> **GIVEN RECORDS**
^^^^^^^^
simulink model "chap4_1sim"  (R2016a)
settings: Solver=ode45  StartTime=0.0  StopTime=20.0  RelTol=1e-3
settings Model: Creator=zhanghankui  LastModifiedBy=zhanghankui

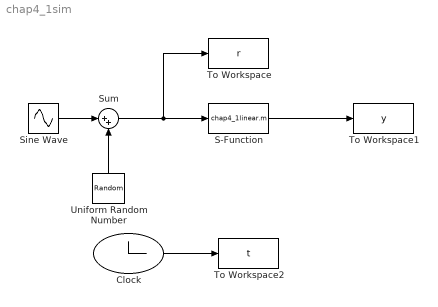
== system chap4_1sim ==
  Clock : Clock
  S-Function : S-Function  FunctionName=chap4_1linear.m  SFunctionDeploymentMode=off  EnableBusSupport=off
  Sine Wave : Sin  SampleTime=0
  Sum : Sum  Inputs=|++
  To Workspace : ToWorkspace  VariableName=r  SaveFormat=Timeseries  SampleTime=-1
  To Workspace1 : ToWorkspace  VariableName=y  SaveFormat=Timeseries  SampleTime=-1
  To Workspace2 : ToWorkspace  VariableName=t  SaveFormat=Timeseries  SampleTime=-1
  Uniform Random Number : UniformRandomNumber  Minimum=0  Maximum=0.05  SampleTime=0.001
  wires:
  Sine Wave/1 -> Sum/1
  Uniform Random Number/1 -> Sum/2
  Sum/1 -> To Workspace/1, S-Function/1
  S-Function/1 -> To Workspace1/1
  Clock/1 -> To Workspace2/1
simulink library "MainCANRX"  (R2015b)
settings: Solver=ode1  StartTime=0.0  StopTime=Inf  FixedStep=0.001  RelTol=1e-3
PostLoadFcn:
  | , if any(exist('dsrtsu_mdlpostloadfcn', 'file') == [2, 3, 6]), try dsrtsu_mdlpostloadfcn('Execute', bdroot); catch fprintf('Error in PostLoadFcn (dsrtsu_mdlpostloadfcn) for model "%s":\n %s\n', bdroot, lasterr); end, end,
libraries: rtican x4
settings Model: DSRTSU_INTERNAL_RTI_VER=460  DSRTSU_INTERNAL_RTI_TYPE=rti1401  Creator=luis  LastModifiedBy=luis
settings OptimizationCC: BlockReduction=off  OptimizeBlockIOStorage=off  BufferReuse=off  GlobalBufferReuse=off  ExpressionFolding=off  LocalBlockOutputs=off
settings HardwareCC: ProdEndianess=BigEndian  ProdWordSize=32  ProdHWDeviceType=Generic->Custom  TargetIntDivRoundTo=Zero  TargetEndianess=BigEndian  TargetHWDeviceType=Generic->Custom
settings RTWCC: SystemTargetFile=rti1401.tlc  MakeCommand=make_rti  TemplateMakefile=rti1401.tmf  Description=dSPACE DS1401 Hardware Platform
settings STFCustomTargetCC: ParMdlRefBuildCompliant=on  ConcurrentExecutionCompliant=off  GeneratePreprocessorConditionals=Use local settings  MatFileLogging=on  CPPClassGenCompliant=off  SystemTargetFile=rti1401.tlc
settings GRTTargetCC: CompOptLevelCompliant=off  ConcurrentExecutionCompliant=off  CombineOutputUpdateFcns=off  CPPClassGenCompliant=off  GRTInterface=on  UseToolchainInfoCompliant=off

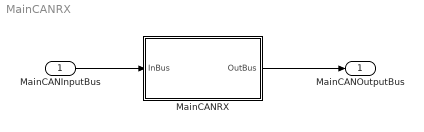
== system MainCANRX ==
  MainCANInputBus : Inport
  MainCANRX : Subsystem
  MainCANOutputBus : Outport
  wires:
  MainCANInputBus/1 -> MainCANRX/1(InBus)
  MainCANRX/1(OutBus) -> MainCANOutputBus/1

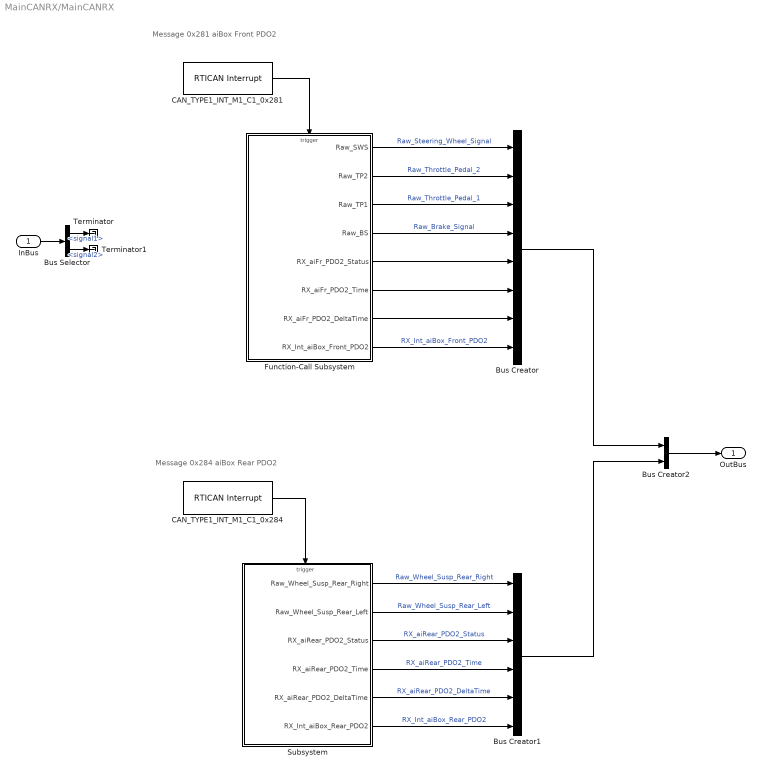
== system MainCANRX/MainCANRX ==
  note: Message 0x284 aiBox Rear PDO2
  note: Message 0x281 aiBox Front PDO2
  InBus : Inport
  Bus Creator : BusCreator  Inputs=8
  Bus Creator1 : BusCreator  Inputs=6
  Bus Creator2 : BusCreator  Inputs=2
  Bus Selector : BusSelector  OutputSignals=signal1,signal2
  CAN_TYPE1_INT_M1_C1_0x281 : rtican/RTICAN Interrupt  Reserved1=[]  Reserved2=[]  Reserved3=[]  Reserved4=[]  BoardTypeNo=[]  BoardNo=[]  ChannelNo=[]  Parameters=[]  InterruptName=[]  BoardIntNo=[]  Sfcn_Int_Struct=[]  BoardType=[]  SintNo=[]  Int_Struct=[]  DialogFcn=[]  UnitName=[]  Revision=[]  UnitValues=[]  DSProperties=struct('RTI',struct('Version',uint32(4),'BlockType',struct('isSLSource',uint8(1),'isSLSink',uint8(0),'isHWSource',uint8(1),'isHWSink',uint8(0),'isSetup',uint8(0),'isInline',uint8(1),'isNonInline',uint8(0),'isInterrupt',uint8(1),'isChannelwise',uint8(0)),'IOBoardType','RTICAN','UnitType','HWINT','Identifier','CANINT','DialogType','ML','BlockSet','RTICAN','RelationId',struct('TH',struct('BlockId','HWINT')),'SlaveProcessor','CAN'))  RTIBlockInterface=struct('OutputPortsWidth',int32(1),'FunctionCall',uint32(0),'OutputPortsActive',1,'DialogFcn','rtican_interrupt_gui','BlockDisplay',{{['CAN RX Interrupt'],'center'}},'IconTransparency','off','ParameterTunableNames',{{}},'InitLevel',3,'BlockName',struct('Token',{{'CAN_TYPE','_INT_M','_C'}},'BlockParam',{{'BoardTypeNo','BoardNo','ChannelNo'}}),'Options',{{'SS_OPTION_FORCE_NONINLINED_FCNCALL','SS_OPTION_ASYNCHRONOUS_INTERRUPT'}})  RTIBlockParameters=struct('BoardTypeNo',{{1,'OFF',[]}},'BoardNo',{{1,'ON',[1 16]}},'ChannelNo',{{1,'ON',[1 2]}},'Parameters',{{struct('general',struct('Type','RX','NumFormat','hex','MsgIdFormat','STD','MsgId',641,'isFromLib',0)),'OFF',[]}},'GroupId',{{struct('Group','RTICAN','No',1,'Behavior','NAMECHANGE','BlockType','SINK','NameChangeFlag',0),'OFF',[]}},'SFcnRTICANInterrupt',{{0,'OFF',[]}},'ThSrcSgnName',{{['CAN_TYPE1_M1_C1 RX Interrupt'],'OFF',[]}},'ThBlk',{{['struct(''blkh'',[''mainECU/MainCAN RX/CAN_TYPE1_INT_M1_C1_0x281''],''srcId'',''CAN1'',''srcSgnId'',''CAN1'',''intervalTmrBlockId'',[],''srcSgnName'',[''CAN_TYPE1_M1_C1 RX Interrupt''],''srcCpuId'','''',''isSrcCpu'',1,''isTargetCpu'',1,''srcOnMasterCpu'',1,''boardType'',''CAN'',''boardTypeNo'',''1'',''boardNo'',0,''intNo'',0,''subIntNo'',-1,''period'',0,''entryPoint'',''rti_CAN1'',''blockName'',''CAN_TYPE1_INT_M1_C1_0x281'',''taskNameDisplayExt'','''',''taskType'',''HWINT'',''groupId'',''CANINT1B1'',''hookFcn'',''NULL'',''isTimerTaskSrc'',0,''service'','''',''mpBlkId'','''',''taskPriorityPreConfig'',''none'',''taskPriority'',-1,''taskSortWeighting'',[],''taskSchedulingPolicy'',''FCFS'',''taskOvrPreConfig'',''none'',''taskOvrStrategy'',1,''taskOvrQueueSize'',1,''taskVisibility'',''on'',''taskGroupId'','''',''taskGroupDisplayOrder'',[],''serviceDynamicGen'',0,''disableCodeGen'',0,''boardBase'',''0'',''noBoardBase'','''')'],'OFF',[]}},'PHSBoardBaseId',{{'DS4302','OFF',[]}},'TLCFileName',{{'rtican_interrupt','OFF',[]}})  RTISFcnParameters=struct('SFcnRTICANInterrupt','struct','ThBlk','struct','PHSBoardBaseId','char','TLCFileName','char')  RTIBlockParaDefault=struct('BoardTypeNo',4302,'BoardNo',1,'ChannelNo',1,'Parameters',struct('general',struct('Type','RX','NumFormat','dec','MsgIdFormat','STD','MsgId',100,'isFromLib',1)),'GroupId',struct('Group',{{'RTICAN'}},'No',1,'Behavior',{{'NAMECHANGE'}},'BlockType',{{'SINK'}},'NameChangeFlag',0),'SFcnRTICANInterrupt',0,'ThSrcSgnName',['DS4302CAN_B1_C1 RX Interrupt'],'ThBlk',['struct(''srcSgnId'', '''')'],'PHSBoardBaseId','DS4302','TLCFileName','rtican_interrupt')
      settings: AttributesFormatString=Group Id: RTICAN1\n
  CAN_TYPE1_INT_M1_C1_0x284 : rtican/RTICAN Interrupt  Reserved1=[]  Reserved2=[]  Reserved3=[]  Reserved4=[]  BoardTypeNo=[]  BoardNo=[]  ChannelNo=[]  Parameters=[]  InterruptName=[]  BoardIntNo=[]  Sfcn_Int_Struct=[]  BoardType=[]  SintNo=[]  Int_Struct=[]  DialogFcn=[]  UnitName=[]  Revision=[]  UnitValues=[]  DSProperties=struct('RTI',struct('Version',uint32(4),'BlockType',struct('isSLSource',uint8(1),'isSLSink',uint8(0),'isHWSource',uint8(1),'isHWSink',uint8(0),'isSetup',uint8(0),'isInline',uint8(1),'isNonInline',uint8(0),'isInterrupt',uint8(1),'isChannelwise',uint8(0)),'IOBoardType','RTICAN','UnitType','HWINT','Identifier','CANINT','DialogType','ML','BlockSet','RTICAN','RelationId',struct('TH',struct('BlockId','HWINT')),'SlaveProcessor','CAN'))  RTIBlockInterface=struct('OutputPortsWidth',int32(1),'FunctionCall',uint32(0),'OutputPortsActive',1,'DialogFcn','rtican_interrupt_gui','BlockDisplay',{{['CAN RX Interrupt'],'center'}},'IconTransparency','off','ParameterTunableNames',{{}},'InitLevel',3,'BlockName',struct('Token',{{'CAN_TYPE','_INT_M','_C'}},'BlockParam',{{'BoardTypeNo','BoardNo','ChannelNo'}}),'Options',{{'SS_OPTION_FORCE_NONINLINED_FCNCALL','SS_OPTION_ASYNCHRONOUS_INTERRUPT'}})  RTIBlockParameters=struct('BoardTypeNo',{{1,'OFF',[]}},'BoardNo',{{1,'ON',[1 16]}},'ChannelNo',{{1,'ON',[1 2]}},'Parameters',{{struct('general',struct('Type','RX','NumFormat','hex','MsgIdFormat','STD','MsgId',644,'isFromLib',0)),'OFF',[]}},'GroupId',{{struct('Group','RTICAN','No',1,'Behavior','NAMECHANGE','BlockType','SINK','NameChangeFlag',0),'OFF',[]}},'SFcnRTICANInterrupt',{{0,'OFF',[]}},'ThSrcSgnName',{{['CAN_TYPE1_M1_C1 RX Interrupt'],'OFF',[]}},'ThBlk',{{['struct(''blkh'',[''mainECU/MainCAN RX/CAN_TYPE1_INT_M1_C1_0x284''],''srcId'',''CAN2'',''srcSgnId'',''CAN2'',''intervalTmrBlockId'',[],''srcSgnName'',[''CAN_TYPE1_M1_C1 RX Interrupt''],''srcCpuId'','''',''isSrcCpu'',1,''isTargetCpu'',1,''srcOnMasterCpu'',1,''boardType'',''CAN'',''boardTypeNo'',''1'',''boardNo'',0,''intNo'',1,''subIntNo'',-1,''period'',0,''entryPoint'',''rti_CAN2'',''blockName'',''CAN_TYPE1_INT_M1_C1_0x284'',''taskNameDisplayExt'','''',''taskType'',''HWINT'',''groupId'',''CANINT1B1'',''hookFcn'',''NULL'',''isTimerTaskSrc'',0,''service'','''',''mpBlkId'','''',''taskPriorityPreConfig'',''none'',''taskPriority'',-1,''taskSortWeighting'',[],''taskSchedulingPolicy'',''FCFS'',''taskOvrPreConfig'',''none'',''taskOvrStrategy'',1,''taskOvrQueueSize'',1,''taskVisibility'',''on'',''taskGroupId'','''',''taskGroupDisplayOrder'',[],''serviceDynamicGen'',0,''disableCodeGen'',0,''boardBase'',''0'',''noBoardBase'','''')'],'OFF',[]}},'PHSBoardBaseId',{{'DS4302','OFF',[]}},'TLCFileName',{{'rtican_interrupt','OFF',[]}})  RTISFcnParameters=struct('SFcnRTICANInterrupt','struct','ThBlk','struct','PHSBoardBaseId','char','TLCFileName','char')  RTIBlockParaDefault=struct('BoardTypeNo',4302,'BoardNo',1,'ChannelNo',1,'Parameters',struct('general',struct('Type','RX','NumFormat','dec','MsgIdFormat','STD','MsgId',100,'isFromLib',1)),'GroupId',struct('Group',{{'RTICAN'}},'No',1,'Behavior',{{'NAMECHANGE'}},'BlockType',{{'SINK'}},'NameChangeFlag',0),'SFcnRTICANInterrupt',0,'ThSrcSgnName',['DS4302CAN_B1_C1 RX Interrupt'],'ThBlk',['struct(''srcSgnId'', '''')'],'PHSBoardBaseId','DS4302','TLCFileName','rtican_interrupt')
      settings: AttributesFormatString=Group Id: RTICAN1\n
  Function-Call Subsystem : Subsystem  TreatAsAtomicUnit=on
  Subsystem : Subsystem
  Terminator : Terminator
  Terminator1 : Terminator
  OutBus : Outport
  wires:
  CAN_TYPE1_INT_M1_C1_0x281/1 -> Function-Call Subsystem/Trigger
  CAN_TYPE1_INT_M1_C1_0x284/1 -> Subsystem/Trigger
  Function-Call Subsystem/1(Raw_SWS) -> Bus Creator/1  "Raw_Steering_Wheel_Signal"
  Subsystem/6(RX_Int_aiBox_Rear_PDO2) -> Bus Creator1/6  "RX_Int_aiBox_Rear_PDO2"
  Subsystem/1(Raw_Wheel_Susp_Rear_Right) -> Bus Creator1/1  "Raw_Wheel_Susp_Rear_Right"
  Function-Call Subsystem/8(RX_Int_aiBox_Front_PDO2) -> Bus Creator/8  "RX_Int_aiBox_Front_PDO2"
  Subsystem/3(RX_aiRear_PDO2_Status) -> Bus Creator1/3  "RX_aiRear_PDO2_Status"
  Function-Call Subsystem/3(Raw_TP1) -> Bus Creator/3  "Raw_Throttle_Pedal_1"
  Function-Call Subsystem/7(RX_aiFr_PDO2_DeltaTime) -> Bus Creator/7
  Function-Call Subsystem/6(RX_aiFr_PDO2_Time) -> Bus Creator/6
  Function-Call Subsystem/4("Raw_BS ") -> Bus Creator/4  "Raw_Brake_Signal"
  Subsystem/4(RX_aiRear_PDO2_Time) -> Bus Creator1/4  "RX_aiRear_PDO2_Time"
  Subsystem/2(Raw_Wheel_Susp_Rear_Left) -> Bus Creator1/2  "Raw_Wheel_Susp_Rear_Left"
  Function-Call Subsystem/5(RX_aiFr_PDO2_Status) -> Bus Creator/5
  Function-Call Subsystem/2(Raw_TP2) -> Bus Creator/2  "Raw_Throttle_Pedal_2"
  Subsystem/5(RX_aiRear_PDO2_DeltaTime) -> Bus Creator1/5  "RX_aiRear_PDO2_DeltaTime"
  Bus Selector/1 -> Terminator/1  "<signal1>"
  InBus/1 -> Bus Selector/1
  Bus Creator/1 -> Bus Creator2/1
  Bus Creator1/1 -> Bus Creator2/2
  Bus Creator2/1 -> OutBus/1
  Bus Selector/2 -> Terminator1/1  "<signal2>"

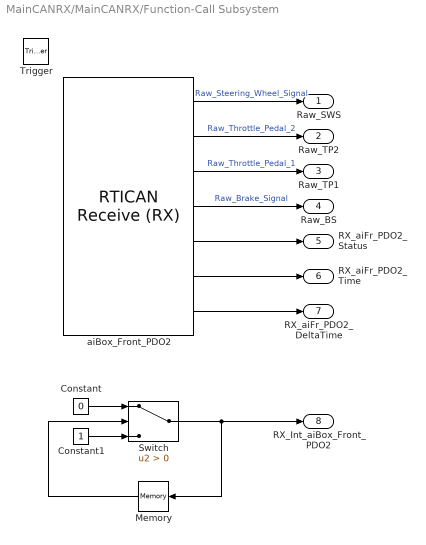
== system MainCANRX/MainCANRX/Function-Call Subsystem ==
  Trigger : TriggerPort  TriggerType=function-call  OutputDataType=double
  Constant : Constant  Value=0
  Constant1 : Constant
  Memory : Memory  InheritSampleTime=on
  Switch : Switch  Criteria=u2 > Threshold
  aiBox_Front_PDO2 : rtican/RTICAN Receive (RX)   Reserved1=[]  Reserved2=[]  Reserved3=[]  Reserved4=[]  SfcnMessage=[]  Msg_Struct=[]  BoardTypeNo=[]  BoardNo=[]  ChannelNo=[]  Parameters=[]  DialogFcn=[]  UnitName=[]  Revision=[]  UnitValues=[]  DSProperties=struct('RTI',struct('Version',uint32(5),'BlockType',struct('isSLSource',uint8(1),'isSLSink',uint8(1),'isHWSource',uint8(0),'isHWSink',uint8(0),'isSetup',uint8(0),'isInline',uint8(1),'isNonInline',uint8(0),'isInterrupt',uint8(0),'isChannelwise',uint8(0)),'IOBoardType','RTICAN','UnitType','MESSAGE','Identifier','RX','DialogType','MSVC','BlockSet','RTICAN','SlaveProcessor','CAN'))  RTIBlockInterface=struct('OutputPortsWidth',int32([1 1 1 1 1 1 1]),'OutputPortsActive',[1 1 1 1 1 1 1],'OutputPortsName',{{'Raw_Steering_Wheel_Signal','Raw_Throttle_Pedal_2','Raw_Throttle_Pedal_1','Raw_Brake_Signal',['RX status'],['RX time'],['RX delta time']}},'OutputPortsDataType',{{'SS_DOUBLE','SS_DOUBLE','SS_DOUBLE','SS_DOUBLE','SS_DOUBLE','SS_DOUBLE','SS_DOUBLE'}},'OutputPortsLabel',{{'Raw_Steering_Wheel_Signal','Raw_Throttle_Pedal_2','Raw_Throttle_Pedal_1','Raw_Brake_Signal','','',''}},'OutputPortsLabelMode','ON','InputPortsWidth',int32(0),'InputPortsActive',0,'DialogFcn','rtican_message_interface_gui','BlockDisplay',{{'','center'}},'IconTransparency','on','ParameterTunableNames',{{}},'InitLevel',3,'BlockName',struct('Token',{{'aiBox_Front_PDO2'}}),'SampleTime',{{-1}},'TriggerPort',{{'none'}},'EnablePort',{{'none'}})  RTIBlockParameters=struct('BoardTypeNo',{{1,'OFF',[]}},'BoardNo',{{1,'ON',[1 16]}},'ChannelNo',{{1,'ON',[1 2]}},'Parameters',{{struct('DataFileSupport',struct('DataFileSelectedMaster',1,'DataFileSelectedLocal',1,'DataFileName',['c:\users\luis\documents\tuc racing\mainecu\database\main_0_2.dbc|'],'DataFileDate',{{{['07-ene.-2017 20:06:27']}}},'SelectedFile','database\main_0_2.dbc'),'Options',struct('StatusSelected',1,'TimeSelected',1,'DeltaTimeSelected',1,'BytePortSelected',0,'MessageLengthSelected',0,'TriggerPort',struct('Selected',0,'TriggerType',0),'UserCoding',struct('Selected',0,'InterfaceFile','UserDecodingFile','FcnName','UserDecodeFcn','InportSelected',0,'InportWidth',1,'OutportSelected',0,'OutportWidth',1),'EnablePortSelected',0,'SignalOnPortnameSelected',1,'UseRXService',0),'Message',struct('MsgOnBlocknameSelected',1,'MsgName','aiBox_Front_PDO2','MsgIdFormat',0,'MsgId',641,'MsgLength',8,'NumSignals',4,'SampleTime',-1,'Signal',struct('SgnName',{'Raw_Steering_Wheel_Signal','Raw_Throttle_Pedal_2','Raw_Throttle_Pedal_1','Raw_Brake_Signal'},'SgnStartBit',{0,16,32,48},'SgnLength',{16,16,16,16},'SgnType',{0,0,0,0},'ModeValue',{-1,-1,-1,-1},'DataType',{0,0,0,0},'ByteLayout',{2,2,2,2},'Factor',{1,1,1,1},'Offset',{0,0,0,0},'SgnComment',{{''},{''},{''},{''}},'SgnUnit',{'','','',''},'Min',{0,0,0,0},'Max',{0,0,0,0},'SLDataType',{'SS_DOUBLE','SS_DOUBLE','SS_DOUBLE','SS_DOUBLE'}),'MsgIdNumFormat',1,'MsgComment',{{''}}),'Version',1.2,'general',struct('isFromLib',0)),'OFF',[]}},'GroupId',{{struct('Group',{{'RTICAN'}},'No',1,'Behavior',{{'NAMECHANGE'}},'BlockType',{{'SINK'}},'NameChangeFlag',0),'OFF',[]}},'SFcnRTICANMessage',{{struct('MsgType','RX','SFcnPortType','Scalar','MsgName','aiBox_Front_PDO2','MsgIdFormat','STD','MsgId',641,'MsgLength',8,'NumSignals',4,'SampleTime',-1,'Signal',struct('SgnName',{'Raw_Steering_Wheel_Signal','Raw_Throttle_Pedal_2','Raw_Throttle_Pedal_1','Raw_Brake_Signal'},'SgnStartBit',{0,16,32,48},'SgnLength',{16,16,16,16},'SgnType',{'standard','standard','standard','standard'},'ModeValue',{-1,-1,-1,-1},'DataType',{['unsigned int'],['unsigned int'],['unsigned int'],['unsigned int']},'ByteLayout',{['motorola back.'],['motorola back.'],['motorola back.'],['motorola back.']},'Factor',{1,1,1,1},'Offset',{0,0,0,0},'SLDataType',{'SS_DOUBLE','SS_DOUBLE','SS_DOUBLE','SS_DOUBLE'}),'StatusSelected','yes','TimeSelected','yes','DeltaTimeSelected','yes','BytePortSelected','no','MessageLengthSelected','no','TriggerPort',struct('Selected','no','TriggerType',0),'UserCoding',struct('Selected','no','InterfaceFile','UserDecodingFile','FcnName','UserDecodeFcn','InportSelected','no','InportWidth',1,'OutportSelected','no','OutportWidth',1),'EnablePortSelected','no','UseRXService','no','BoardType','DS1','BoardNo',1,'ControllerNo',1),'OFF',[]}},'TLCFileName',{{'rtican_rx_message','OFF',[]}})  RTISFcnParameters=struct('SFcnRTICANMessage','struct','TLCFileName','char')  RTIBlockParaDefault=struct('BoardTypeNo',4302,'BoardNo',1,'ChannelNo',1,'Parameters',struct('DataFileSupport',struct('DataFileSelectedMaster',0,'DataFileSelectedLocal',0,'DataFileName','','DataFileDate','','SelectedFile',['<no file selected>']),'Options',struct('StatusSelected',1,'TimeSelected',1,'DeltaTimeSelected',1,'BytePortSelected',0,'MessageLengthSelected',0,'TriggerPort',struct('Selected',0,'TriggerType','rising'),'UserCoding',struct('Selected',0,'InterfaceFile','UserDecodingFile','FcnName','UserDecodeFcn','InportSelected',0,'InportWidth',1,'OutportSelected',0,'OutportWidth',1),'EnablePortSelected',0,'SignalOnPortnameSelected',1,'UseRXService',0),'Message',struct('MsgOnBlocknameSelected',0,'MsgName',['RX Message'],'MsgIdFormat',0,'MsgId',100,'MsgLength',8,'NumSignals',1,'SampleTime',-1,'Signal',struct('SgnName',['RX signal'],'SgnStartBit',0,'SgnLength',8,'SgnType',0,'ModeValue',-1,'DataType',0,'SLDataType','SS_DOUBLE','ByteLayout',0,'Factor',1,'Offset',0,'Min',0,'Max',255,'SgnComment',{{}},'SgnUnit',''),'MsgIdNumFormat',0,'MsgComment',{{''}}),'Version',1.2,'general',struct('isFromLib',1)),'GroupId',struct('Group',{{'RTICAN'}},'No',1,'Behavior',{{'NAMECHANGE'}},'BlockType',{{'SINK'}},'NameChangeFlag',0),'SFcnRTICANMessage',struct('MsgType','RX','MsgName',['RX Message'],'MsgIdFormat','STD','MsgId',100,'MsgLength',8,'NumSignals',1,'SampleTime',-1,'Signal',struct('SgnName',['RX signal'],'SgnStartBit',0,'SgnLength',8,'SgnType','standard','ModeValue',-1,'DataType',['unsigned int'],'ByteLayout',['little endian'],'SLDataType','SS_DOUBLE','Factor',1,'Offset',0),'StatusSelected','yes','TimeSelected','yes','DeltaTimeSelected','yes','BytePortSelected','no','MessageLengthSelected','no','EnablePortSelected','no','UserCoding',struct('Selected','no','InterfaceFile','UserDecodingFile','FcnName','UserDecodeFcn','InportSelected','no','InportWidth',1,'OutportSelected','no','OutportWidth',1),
^^^^^^^^
> **AIM OF THE EXERCISE**
Copy out each line of the data where the string "simulink" appears.

> **YOUR SOLUTION**
simulink model "chap4_1sim"  (R2016a)
simulink library "MainCANRX"  (R2015b)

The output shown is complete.